Short Course: A Beginner’s Course to Using Python in Climate and Meteorology
3-4 January 2015
The application of object-oriented programming and other advances in computer science to the atmospheric sciences has in turn led to advances in modeling and analysis tools and methods. The open-source language Python has been at the forefront of the application of such advances, through general science packages such as scipy and matplotlib, as well as atmospheric science-specific projects such as PCMDI’s CDAT and ESG end-user tools and NCAR’s PyNGL, resulting in a robust computing environment for all kinds of atmospheric science, including (but not limited to): modeling, time series analysis, air quality data analysis, satellite data processing, in-situ data analysis, GIS, visualization, gridding, model intercomparison, workflow integration, and very large (terabyte) dataset manipulation and access.
Still, to many atmospheric scientists, object-oriented programming in general, and Python in particular, seems mysterious and remote, and as a result, find the idea of learning Python to be daunting. Additionally, while a number of tutorials and other curricula exist to introduce a newcomer to Python, few are geared to the specific needs of atmospheric scientists. This course provides a gentle introduction to Python for the atmospheric scientist, specialized to the needs of the field. While we expect all participants will have basic programming experience—including basic knowledge of variables (integers, floats, strings), loops, conditionals (if/then), and functions—no other exposure to Python or object-oriented programming is assumed. If you are a moderately experienced Python programmer, this course will be a poor fit for you; please consider taking the other AMS Python short course, the Intermediate-Advanced course "High performance Python for Climate Science: from NumPy to Parallel Computing" by Jonathan Rocher.

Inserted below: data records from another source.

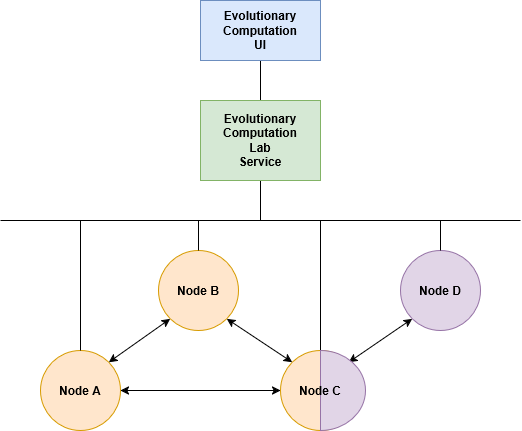

The diagram above was exported from draw.io. Its source (the exported page's mxGraphModel, read from the mxfile embedded in the PNG):
<mxGraphModel dx="1554" dy="823" grid="1" gridSize="10" guides="1" tooltips="1" connect="1" arrows="1" fold="1" page="1" pageScale="1" pageWidth="850" pageHeight="1100" math="0" shadow="0">
  <root>
    <mxCell id="0" />
    <mxCell id="1" parent="0" />
    <mxCell id="zgzLSL9VXUjUo_5e-1zD-2" parent="1" style="ellipse;whiteSpace=wrap;html=1;aspect=fixed;fillColor=#ffe6cc;strokeColor=#d79b00;" value="&lt;b&gt;Node A&lt;/b&gt;" vertex="1">
      <mxGeometry height="80" width="80" x="240" y="570" as="geometry" />
    </mxCell>
    <mxCell id="zgzLSL9VXUjUo_5e-1zD-4" parent="1" style="ellipse;whiteSpace=wrap;html=1;aspect=fixed;fillColor=#ffe6cc;strokeColor=#d79b00;" value="&lt;b&gt;Node B&lt;/b&gt;" vertex="1">
      <mxGeometry height="80" width="80" x="358" y="470" as="geometry" />
    </mxCell>
    <mxCell id="zgzLSL9VXUjUo_5e-1zD-5" parent="1" style="ellipse;whiteSpace=wrap;html=1;aspect=fixed;fillColor=#ffe6cc;strokeColor=#d79b00;gradientDirection=west;" value="" vertex="1">
      <mxGeometry height="80" width="80" x="480" y="570" as="geometry" />
    </mxCell>
    <mxCell id="zgzLSL9VXUjUo_5e-1zD-6" edge="1" parent="1" source="zgzLSL9VXUjUo_5e-1zD-2" style="endArrow=classic;startArrow=classic;html=1;rounded=0;exitX=1;exitY=0.5;exitDx=0;exitDy=0;entryX=0;entryY=0.5;entryDx=0;entryDy=0;" target="zgzLSL9VXUjUo_5e-1zD-5" value="">
      <mxGeometry height="50" relative="1" width="50" as="geometry">
        <mxPoint x="400" y="450" as="sourcePoint" />
        <mxPoint x="450" y="400" as="targetPoint" />
      </mxGeometry>
    </mxCell>
    <mxCell id="zgzLSL9VXUjUo_5e-1zD-15" edge="1" parent="1" source="zgzLSL9VXUjUo_5e-1zD-30" style="endArrow=none;html=1;rounded=0;entryX=0.5;entryY=1;entryDx=0;entryDy=0;exitX=0.5;exitY=0;exitDx=0;exitDy=0;" target="zgzLSL9VXUjUo_5e-1zD-29" value="">
      <mxGeometry height="50" relative="1" width="50" as="geometry">
        <mxPoint x="460" y="320" as="sourcePoint" />
        <mxPoint x="467" y="300" as="targetPoint" />
      </mxGeometry>
    </mxCell>
    <mxCell id="zgzLSL9VXUjUo_5e-1zD-17" edge="1" parent="1" style="endArrow=none;html=1;rounded=0;entryX=0.5;entryY=1;entryDx=0;entryDy=0;" target="zgzLSL9VXUjUo_5e-1zD-30" value="">
      <mxGeometry height="50" relative="1" width="50" as="geometry">
        <mxPoint x="460" y="440" as="sourcePoint" />
        <mxPoint x="398" y="400" as="targetPoint" />
      </mxGeometry>
    </mxCell>
    <mxCell id="zgzLSL9VXUjUo_5e-1zD-18" edge="1" parent="1" style="endArrow=none;html=1;rounded=0;" value="">
      <mxGeometry height="50" relative="1" width="50" as="geometry">
        <mxPoint x="200" y="440" as="sourcePoint" />
        <mxPoint x="720" y="440" as="targetPoint" />
      </mxGeometry>
    </mxCell>
    <mxCell id="zgzLSL9VXUjUo_5e-1zD-19" edge="1" parent="1" source="zgzLSL9VXUjUo_5e-1zD-2" style="endArrow=none;html=1;rounded=0;exitX=0.5;exitY=0;exitDx=0;exitDy=0;" value="">
      <mxGeometry height="50" relative="1" width="50" as="geometry">
        <mxPoint x="410" y="470" as="sourcePoint" />
        <mxPoint x="280" y="440" as="targetPoint" />
      </mxGeometry>
    </mxCell>
    <mxCell id="zgzLSL9VXUjUo_5e-1zD-20" edge="1" parent="1" source="zgzLSL9VXUjUo_5e-1zD-5" style="endArrow=none;html=1;rounded=0;exitX=0.5;exitY=0;exitDx=0;exitDy=0;" value="">
      <mxGeometry height="50" relative="1" width="50" as="geometry">
        <mxPoint x="410" y="470" as="sourcePoint" />
        <mxPoint x="520" y="440" as="targetPoint" />
      </mxGeometry>
    </mxCell>
    <mxCell id="zgzLSL9VXUjUo_5e-1zD-21" edge="1" parent="1" source="zgzLSL9VXUjUo_5e-1zD-4" style="endArrow=none;html=1;rounded=0;exitX=0.5;exitY=0;exitDx=0;exitDy=0;" value="">
      <mxGeometry height="50" relative="1" width="50" as="geometry">
        <mxPoint x="410" y="470" as="sourcePoint" />
        <mxPoint x="398" y="440" as="targetPoint" />
      </mxGeometry>
    </mxCell>
    <mxCell id="zgzLSL9VXUjUo_5e-1zD-22" edge="1" parent="1" source="zgzLSL9VXUjUo_5e-1zD-5" style="endArrow=classic;startArrow=classic;html=1;rounded=0;exitX=0;exitY=0;exitDx=0;exitDy=0;entryX=1;entryY=1;entryDx=0;entryDy=0;" target="zgzLSL9VXUjUo_5e-1zD-4" value="">
      <mxGeometry height="50" relative="1" width="50" as="geometry">
        <mxPoint x="410" y="470" as="sourcePoint" />
        <mxPoint x="460" y="420" as="targetPoint" />
      </mxGeometry>
    </mxCell>
    <mxCell id="zgzLSL9VXUjUo_5e-1zD-23" edge="1" parent="1" source="zgzLSL9VXUjUo_5e-1zD-2" style="endArrow=classic;startArrow=classic;html=1;rounded=0;exitX=1;exitY=0;exitDx=0;exitDy=0;entryX=0;entryY=1;entryDx=0;entryDy=0;" target="zgzLSL9VXUjUo_5e-1zD-4" value="">
      <mxGeometry height="50" relative="1" width="50" as="geometry">
        <mxPoint x="410" y="470" as="sourcePoint" />
        <mxPoint x="460" y="420" as="targetPoint" />
      </mxGeometry>
    </mxCell>
    <mxCell id="zgzLSL9VXUjUo_5e-1zD-24" parent="1" style="ellipse;whiteSpace=wrap;html=1;aspect=fixed;fillColor=#e1d5e7;strokeColor=#9673a6;" value="&lt;div&gt;&lt;b&gt;Node D&lt;/b&gt;&lt;/div&gt;" vertex="1">
      <mxGeometry height="80" width="80" x="600" y="470" as="geometry" />
    </mxCell>
    <mxCell id="zgzLSL9VXUjUo_5e-1zD-25" edge="1" parent="1" source="zgzLSL9VXUjUo_5e-1zD-5" style="endArrow=classic;startArrow=classic;html=1;rounded=0;entryX=0;entryY=1;entryDx=0;entryDy=0;exitX=1;exitY=0;exitDx=0;exitDy=0;" target="zgzLSL9VXUjUo_5e-1zD-24" value="">
      <mxGeometry height="50" relative="1" width="50" as="geometry">
        <mxPoint x="410" y="400" as="sourcePoint" />
        <mxPoint x="460" y="350" as="targetPoint" />
      </mxGeometry>
    </mxCell>
    <mxCell id="zgzLSL9VXUjUo_5e-1zD-26" edge="1" parent="1" source="zgzLSL9VXUjUo_5e-1zD-24" style="endArrow=none;html=1;rounded=0;exitX=0.5;exitY=0;exitDx=0;exitDy=0;" value="">
      <mxGeometry height="50" relative="1" width="50" as="geometry">
        <mxPoint x="640" y="470" as="sourcePoint" />
        <mxPoint x="640" y="440" as="targetPoint" />
      </mxGeometry>
    </mxCell>
    <mxCell id="zgzLSL9VXUjUo_5e-1zD-27" parent="1" style="verticalLabelPosition=bottom;verticalAlign=top;html=1;shape=mxgraph.basic.half_circle;rotation=-90;fillColor=#e1d5e7;strokeColor=#9673a6;" value="" vertex="1">
      <mxGeometry height="45" width="80" x="502.5" y="587.5" as="geometry" />
    </mxCell>
    <mxCell id="zgzLSL9VXUjUo_5e-1zD-28" parent="1" style="text;html=1;whiteSpace=wrap;strokeColor=none;fillColor=none;align=center;verticalAlign=middle;rounded=0;" value="&lt;b&gt;Node C&lt;/b&gt;" vertex="1">
      <mxGeometry height="30" width="60" x="490" y="595" as="geometry" />
    </mxCell>
    <mxCell id="zgzLSL9VXUjUo_5e-1zD-29" parent="1" style="rounded=0;whiteSpace=wrap;html=1;fillColor=#dae8fc;strokeColor=#6c8ebf;" value="&lt;b&gt;Evolutionary&lt;br&gt;Computation&lt;br&gt;UI&lt;/b&gt;" vertex="1">
      <mxGeometry height="60" width="120" x="400" y="220" as="geometry" />
    </mxCell>
    <mxCell id="zgzLSL9VXUjUo_5e-1zD-30" parent="1" style="rounded=0;whiteSpace=wrap;html=1;fillColor=#d5e8d4;strokeColor=#82b366;" value="&lt;b&gt;Evolutionary&lt;br&gt;Computation&lt;br&gt;&lt;/b&gt;&lt;div&gt;&lt;b&gt;Lab&lt;br&gt;Service&lt;/b&gt;&lt;/div&gt;" vertex="1">
      <mxGeometry height="80" width="120" x="400" y="320" as="geometry" />
    </mxCell>
  </root>
</mxGraphModel>

All attendees will need to bring a laptop (with power adapter) that has Python installed on it. Instructions will be emailed to registered attendees before the course begins on how to install Python. Because the course is two days, to maximize learning value for students, there will be optional homework assigned at the end of day one that will be discussed the next day.
For more information please contact the instructor of the course, Dr. Johnny Lin, Computing and Software Systems Division, University of Washington Bothell, Bothell, WA 98011 (email: firstname.lastname@example.org).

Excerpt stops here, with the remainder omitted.